Poking around some more I found inside 'Diode Clipper' circuit that resistor R13 was physically loose. Still soldered to the pads but the pads were not longer attached to the tracks. And the other side of the Diode clipper was not functioning properly ether. So this circuit was clipping the signal like a guitar distortion pedal!

I installed new resistors and a few jumpers to get everything connected again. I hooked up the scope and the distortion was gone. The output look good so I put the amp back into the sub and tried it out. It sounds much better. Able to rattle the walls nicely.

I'm not completely happy withe the sound of the low pass filters. I would like it to roll off sharper. I am going to adjust the '700Hz Lo-Pass' filter down to around 50Hz. The other thing I am going to try is a notch filter to cut around 45Hz to level the resonance around there.

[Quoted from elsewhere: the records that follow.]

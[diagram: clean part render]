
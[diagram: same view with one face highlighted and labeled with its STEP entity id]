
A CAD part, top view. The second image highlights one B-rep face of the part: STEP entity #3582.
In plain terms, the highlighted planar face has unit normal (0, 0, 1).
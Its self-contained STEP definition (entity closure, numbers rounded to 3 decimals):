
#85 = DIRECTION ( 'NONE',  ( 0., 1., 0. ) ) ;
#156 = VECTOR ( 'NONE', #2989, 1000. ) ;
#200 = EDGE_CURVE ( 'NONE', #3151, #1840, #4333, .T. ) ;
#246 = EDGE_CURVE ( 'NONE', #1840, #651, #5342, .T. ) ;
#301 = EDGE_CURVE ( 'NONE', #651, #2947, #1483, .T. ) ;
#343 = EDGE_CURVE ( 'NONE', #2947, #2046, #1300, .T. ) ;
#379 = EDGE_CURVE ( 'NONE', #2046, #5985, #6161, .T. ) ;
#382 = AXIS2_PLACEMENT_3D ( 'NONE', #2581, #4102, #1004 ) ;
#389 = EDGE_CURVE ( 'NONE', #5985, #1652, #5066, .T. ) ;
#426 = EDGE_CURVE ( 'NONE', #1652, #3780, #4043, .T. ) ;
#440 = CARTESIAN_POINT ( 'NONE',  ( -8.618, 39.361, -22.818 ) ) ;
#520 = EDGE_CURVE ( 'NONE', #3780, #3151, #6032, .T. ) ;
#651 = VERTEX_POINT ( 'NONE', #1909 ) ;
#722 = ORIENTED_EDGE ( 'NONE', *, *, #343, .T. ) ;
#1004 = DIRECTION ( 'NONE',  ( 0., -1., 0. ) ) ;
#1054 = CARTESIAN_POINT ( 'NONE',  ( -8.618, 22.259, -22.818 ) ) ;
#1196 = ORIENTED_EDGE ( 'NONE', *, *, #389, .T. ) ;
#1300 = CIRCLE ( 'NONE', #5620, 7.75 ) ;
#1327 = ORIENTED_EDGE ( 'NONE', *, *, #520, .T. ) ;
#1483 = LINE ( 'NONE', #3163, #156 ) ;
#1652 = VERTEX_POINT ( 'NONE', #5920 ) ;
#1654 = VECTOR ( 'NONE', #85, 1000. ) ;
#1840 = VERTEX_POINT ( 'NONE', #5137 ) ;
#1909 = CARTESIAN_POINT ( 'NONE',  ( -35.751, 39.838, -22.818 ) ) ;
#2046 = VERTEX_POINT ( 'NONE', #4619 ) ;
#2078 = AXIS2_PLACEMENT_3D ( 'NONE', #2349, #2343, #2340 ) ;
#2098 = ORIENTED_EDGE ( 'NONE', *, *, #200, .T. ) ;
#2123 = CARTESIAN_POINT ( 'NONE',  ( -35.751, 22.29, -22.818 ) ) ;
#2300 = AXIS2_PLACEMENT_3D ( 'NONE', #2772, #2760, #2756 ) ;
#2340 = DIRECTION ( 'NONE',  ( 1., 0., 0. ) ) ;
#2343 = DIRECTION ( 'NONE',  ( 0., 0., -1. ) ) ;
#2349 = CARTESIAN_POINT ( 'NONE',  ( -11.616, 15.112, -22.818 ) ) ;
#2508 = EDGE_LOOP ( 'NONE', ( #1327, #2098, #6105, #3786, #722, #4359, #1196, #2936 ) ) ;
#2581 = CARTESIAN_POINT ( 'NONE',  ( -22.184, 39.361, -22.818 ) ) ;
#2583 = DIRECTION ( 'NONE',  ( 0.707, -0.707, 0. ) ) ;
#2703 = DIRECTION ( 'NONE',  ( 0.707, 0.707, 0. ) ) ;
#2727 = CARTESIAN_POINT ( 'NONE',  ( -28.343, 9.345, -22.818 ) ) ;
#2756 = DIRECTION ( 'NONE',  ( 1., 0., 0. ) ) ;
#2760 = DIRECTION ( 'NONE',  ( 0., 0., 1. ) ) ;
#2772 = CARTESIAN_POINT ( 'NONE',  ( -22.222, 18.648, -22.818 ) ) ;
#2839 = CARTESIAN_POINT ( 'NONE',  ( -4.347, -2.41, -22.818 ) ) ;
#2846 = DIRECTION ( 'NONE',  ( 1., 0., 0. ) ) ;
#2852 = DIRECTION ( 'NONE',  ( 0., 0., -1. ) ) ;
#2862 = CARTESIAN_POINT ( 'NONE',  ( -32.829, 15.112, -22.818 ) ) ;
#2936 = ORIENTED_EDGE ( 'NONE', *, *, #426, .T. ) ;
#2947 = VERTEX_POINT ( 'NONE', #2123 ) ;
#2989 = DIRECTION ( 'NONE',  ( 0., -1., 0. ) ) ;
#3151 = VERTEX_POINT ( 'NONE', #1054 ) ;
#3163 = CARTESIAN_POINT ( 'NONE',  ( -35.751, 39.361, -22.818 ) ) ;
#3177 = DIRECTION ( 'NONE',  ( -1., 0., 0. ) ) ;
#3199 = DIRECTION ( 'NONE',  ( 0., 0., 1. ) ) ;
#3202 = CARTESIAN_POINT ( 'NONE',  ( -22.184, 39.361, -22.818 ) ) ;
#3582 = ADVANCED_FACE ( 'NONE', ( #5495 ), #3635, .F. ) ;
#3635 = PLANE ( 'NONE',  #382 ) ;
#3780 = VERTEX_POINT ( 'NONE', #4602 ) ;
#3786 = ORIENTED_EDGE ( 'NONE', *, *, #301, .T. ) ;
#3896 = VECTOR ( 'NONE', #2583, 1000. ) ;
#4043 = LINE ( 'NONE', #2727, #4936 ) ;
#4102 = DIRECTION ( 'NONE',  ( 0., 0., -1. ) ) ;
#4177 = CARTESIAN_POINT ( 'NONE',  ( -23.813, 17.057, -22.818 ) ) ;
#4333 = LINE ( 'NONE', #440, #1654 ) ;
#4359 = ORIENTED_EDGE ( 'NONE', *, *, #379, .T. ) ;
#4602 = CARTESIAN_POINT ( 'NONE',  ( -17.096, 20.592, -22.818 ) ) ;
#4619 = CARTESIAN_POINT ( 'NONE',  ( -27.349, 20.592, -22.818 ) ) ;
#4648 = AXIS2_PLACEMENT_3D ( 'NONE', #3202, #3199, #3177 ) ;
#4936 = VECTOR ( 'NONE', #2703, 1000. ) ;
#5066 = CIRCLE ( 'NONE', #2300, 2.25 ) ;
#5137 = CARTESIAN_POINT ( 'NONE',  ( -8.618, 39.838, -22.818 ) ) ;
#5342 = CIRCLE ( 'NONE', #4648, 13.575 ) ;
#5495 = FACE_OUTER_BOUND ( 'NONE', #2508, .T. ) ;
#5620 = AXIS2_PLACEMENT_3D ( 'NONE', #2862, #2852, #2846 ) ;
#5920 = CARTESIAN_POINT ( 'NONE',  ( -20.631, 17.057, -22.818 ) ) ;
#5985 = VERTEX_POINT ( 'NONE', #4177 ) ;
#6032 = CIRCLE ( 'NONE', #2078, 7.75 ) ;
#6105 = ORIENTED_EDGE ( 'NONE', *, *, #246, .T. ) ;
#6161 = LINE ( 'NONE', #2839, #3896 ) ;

The more I look into this amp, the more I realize it is a piece of crap. Very low quality all around. Even something major like the labeling of the + and - for the speaker wires printed wrong on the PCB was not caught. And the PCB is so delicate that if you look at it wrong the pads will come right off.

One last thing. Attached are a couple of pictures of the output of the TL072 and output of the S53 module. Since this amp is so cheap, I figure this is unique to this amp. But does anyone have any idea why the output trace from the S53 would be thicker then the output of the TL074 trace? Could it be low quality output inductors?